Stored data:
<<<<
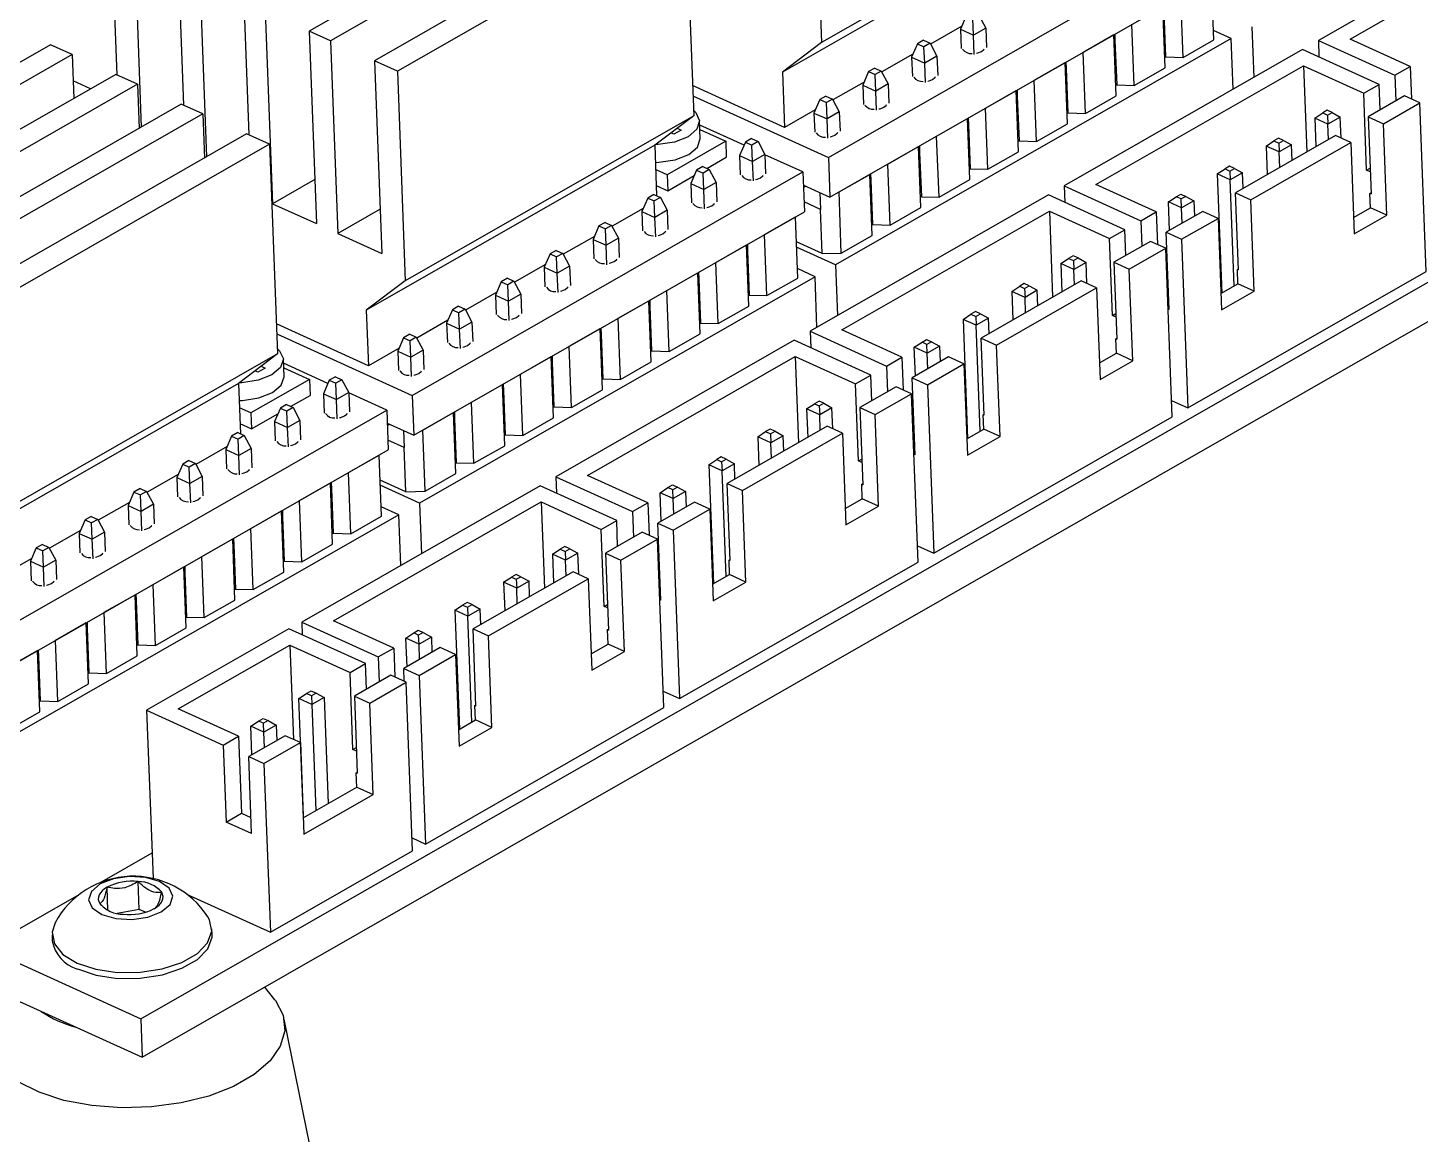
# Model space of a CAD drawing. Header units: millimetres. Extents: x 0 to 279, y 0 to 216.
# Drawn here: x 211.72 to 236.54, y 58.42 to 78.14 of the extents above; entities that cross this region are included whole.
import ezdxf

# ---------------------------------------------------------------- set-up
doc = ezdxf.new("R2010")
doc.units = ezdxf.units.MM

msp = doc.modelspace()

# ---------------------------------------------------------------- linework, layer by layer
at = {"color": 7, "linetype": 'Continuous', "lineweight": 25}
for p, q in [((213.729, 60.479), (251.31, 81.978)), ((225.723, 81.612), (225.865, 77.878)), ((213.755, 59.793), (251.336, 81.292)), ((221.871, 81.024), (216.731, 78.083)), ((222.253, 80.85), (217.113, 77.909)), ((231.005, 80.818), (225.865, 77.878)), ((223.035, 80.494), (217.895, 77.554)), ((223.444, 80.308), (218.304, 77.367)), ((223.444, 80.308), (223.586, 76.574)), ((230.31, 80.291), (225.17, 77.35)), ((238.97, 80.345), (234.721, 77.915)), ((235.286, 77.939), (238.987, 80.056)), ((213.212, 79.684), (213.302, 77.303)), ((225.989, 75.832), (232.952, 79.815)), ((213.621, 79.498), (213.739, 76.372)), ((214.403, 79.142), (214.493, 76.761)), ((214.785, 78.968), (214.903, 75.842)), ((226.016, 75.123), (232.979, 79.107)), ((232.859, 77.924), (232.818, 79.014)), ((232.311, 77.611), (232.269, 78.701)), ((215.567, 78.613), (215.657, 76.231)), ((215.949, 78.439), (216.079, 75.006)), ((231.988, 77.426), (231.947, 78.516)), ((228.445, 78.355), (228.341, 78.116)), ((228.574, 78.01), (228.562, 78.302)), ((228.671, 78.365), (228.793, 78.136)), ((231.44, 77.113), (231.399, 78.203)), ((232.002, 77.621), (231.972, 78.411)), ((216.731, 78.083), (216.861, 74.65)), ((217.113, 77.909), (216.731, 78.083)), ((233.169, 77.949), (226.117, 73.914)), ((228.364, 78.17), (227.809, 77.852)), ((228.341, 78.116), (228.574, 78.01)), ((228.341, 78.116), (228.354, 77.772)), ((228.793, 78.136), (228.574, 78.01)), ((228.587, 77.666), (228.574, 78.01)), ((228.793, 78.136), (228.806, 77.791)), ((230.529, 77.705), (231.077, 78.019)), ((231.118, 76.928), (231.077, 78.019)), ((231.102, 77.913), (231.097, 78.03)), ((233.169, 77.949), (232.852, 78.093)), ((233.203, 77.046), (233.169, 77.949)), ((233.536, 78.158), (233.57, 77.256)), ((236.359, 77.451), (235.286, 77.939)), ((212.124, 77.839), (206.984, 74.898)), ((212.506, 77.665), (212.124, 77.839)), ((217.113, 77.909), (217.243, 74.476)), ((225.865, 77.878), (225.17, 77.35)), ((227.575, 77.857), (227.471, 77.618)), ((227.685, 77.92), (227.575, 77.857)), ((227.575, 77.857), (227.691, 77.804)), ((227.685, 77.92), (227.801, 77.867)), ((227.801, 77.867), (227.691, 77.804)), ((227.704, 77.512), (227.691, 77.804)), ((227.801, 77.867), (227.923, 77.638)), ((234.44, 77.754), (230.191, 75.323)), ((230.57, 76.615), (230.529, 77.705)), ((231.081, 77.901), (231.102, 77.913)), ((231.132, 77.123), (231.102, 77.913)), ((232.311, 77.611), (232.859, 77.924)), ((235.804, 77.133), (234.44, 77.754)), ((234.721, 77.915), (234.732, 77.621)), ((234.721, 77.915), (236.085, 77.294)), ((212.506, 77.665), (207.366, 74.724)), ((212.506, 77.665), (212.536, 76.879)), ((217.895, 77.554), (218.025, 74.12)), ((218.304, 77.367), (217.895, 77.554)), ((227.494, 77.672), (226.939, 77.354)), ((227.471, 77.618), (227.704, 77.512)), ((227.471, 77.618), (227.484, 77.274)), ((227.923, 77.638), (227.704, 77.512)), ((227.717, 77.168), (227.704, 77.512)), ((227.923, 77.638), (227.936, 77.293)), ((229.658, 77.207), (230.206, 77.521)), ((230.248, 76.431), (230.206, 77.521)), ((230.231, 77.415), (230.227, 77.532)), ((230.756, 75.348), (234.457, 77.465)), ((232.002, 77.621), (231.982, 77.609)), ((232.002, 77.621), (232.311, 77.611)), ((234.457, 77.465), (235.53, 76.977)), ((234.457, 77.465), (234.515, 75.929)), ((236.085, 77.294), (236.359, 77.451)), ((236.359, 77.451), (236.381, 76.871)), ((213.288, 77.309), (208.148, 74.369)), ((212.836, 77.051), (212.524, 77.193)), ((213.67, 77.135), (213.288, 77.309)), ((218.304, 77.367), (218.446, 73.634)), ((225.17, 77.35), (225.207, 76.363)), ((226.705, 77.36), (226.6, 77.12)), ((226.814, 77.422), (226.705, 77.36)), ((226.705, 77.36), (226.821, 77.307)), ((226.814, 77.422), (226.931, 77.369)), ((226.931, 77.369), (226.821, 77.307)), ((226.833, 77.014), (226.821, 77.307)), ((226.931, 77.369), (227.053, 77.14)), ((229.699, 76.117), (229.658, 77.207)), ((230.211, 77.403), (230.231, 77.415)), ((230.261, 76.625), (230.231, 77.415)), ((231.44, 77.113), (231.988, 77.426)), ((236.085, 77.294), (236.102, 76.837)), ((213.67, 77.135), (208.53, 74.195)), ((213.67, 77.135), (213.7, 76.349)), ((225.207, 76.363), (223.565, 77.11)), ((226.624, 77.174), (226.068, 76.856)), ((226.6, 77.12), (226.833, 77.014)), ((226.6, 77.12), (226.614, 76.776)), ((227.053, 77.14), (226.833, 77.014)), ((226.846, 76.67), (226.833, 77.014)), ((227.053, 77.14), (227.066, 76.795)), ((228.788, 76.709), (229.336, 77.023)), ((229.377, 75.933), (229.336, 77.023)), ((229.361, 76.917), (229.356, 77.034)), ((231.132, 77.123), (231.111, 77.111)), ((231.132, 77.123), (231.44, 77.113)), ((235.53, 76.977), (235.804, 77.133)), ((235.582, 75.603), (235.53, 76.977)), ((235.821, 76.676), (235.804, 77.133)), ((214.452, 76.779), (209.312, 73.839)), ((214.834, 76.606), (214.452, 76.779)), ((223.572, 76.931), (225.989, 75.832)), ((225.834, 76.862), (225.73, 76.622)), ((225.944, 76.924), (225.834, 76.862)), ((225.834, 76.862), (225.951, 76.809)), ((225.944, 76.924), (226.06, 76.871)), ((226.06, 76.871), (225.951, 76.809)), ((225.963, 76.517), (225.951, 76.809)), ((226.06, 76.871), (226.182, 76.642)), ((228.829, 75.619), (228.788, 76.709)), ((229.34, 76.905), (229.361, 76.917)), ((229.391, 76.127), (229.361, 76.917)), ((230.57, 76.615), (231.118, 76.928)), ((236.259, 76.927), (235.608, 76.554)), ((235.88, 76.43), (236.531, 76.802)), ((236.531, 76.802), (236.259, 76.927)), ((236.645, 73.798), (236.531, 76.802)), ((214.834, 76.606), (209.694, 73.665)), ((214.834, 76.606), (214.864, 75.82)), ((223.586, 76.574), (218.446, 73.634)), ((223.586, 76.574), (222.891, 76.047)), ((223.704, 76.163), (223.692, 76.479)), ((225.753, 76.676), (225.207, 76.363)), ((225.73, 76.622), (225.963, 76.517)), ((225.73, 76.622), (225.743, 76.278)), ((226.182, 76.642), (225.963, 76.517)), ((225.976, 76.172), (225.963, 76.517)), ((226.182, 76.642), (226.195, 76.297)), ((227.917, 76.211), (228.466, 76.525)), ((228.507, 75.435), (228.466, 76.525)), ((228.49, 76.419), (228.486, 76.536)), ((230.261, 76.625), (230.241, 76.613)), ((230.261, 76.625), (230.57, 76.615)), ((234.66, 76.532), (234.798, 76.624)), ((234.892, 76.426), (234.66, 76.532)), ((234.66, 76.532), (234.679, 76.023)), ((234.88, 76.671), (234.798, 76.624)), ((234.798, 76.624), (234.885, 76.584)), ((234.967, 76.631), (234.88, 76.671)), ((234.885, 76.584), (234.967, 76.631)), ((234.885, 76.584), (234.892, 76.426)), ((235.112, 76.551), (234.892, 76.426)), ((234.967, 76.631), (235.112, 76.551)), ((235.126, 76.175), (235.112, 76.551)), ((235.608, 76.554), (235.66, 75.181)), ((235.608, 76.554), (235.88, 76.43)), ((215.616, 76.25), (210.476, 73.309)), ((216.025, 76.064), (215.616, 76.25)), ((223.235, 76.245), (223.183, 76.268)), ((223.365, 76.319), (223.235, 76.245)), ((223.293, 76.352), (223.365, 76.319)), ((224.484, 76.048), (223.695, 76.407)), ((223.698, 76.327), (224.158, 76.118)), ((227.959, 75.121), (227.917, 76.211)), ((228.47, 76.407), (228.49, 76.419)), ((228.52, 75.629), (228.49, 76.419)), ((229.699, 76.117), (230.248, 76.431)), ((235.025, 76.221), (233.243, 75.201)), ((234.903, 76.151), (234.892, 76.426)), ((235.298, 76.097), (235.025, 76.221)), ((235.942, 74.799), (235.88, 76.43)), ((216.025, 76.064), (210.885, 73.123)), ((216.025, 76.064), (216.167, 72.33)), ((222.891, 76.047), (217.751, 73.106)), ((222.891, 76.047), (222.925, 75.148)), ((224.158, 76.118), (223.113, 75.52)), ((224.158, 76.118), (224.168, 75.834)), ((224.508, 76.103), (224.404, 75.864)), ((224.618, 76.166), (224.508, 76.103)), ((224.508, 76.103), (224.624, 76.05)), ((224.618, 76.166), (224.734, 76.113)), ((224.734, 76.113), (224.624, 76.05)), ((224.637, 75.758), (224.624, 76.05)), ((224.734, 76.113), (224.856, 75.883)), ((227.047, 75.713), (227.595, 76.027)), ((227.637, 74.937), (227.595, 76.027)), ((227.62, 75.921), (227.616, 76.039)), ((229.391, 76.127), (229.37, 76.115)), ((229.391, 76.127), (229.699, 76.117)), ((233.516, 75.077), (235.298, 76.097)), ((233.789, 76.034), (233.927, 76.126)), ((234.022, 75.928), (233.789, 76.034)), ((233.789, 76.034), (233.808, 75.525)), ((234.009, 76.173), (233.927, 76.126)), ((233.927, 76.126), (234.014, 76.086)), ((234.097, 76.133), (234.009, 76.173)), ((234.014, 76.086), (234.097, 76.133)), ((234.014, 76.086), (234.022, 75.928)), ((234.241, 76.053), (234.022, 75.928)), ((234.097, 76.133), (234.241, 76.053)), ((234.252, 75.778), (234.241, 76.053)), ((235.298, 76.097), (235.36, 74.466)), ((223.82, 75.635), (224.168, 75.834)), ((224.404, 75.864), (224.637, 75.758)), ((224.404, 75.864), (224.417, 75.519)), ((224.856, 75.883), (224.637, 75.758)), ((224.65, 75.413), (224.637, 75.758)), ((224.856, 75.883), (224.869, 75.539)), ((225.533, 75.571), (224.856, 75.879)), ((225.989, 75.832), (226.016, 75.123)), ((227.088, 74.623), (227.047, 75.713)), ((227.6, 75.909), (227.62, 75.921)), ((227.65, 75.131), (227.62, 75.921)), ((228.829, 75.619), (229.377, 75.933)), ((234.032, 75.653), (234.022, 75.928)), ((218.57, 71.588), (225.533, 75.571)), ((223.113, 75.52), (222.907, 75.614)), ((223.113, 75.52), (223.124, 75.237)), ((223.124, 75.237), (223.594, 75.506)), ((223.638, 75.605), (223.534, 75.366)), ((223.747, 75.668), (223.638, 75.605)), ((223.638, 75.605), (223.754, 75.552)), ((223.747, 75.668), (223.864, 75.615)), ((223.864, 75.615), (223.754, 75.552)), ((223.766, 75.26), (223.754, 75.552)), ((223.864, 75.615), (223.986, 75.385)), ((225.533, 75.571), (225.56, 74.862)), ((226.177, 75.215), (226.725, 75.529)), ((226.766, 74.439), (226.725, 75.529)), ((226.75, 75.423), (226.745, 75.541)), ((228.52, 75.629), (228.5, 75.618)), ((228.52, 75.629), (228.829, 75.619)), ((232.919, 75.536), (233.057, 75.628)), ((233.152, 75.43), (232.919, 75.536)), ((232.919, 75.536), (232.999, 73.414)), ((233.139, 75.675), (233.057, 75.628)), ((233.057, 75.628), (233.144, 75.588)), ((233.226, 75.635), (233.139, 75.675)), ((233.144, 75.588), (233.226, 75.635)), ((233.144, 75.588), (233.152, 75.43)), ((233.371, 75.555), (233.152, 75.43)), ((233.226, 75.635), (233.371, 75.555)), ((233.381, 75.28), (233.371, 75.555)), ((235.582, 75.603), (235.642, 75.638)), ((235.645, 75.575), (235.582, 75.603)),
>>>>
From the records above, copy each line that contains the word "units".

# Model space of a CAD drawing. Header units: millimetres. Extents: x 0 to 279, y 0 to 216.
doc.units = ezdxf.units.MM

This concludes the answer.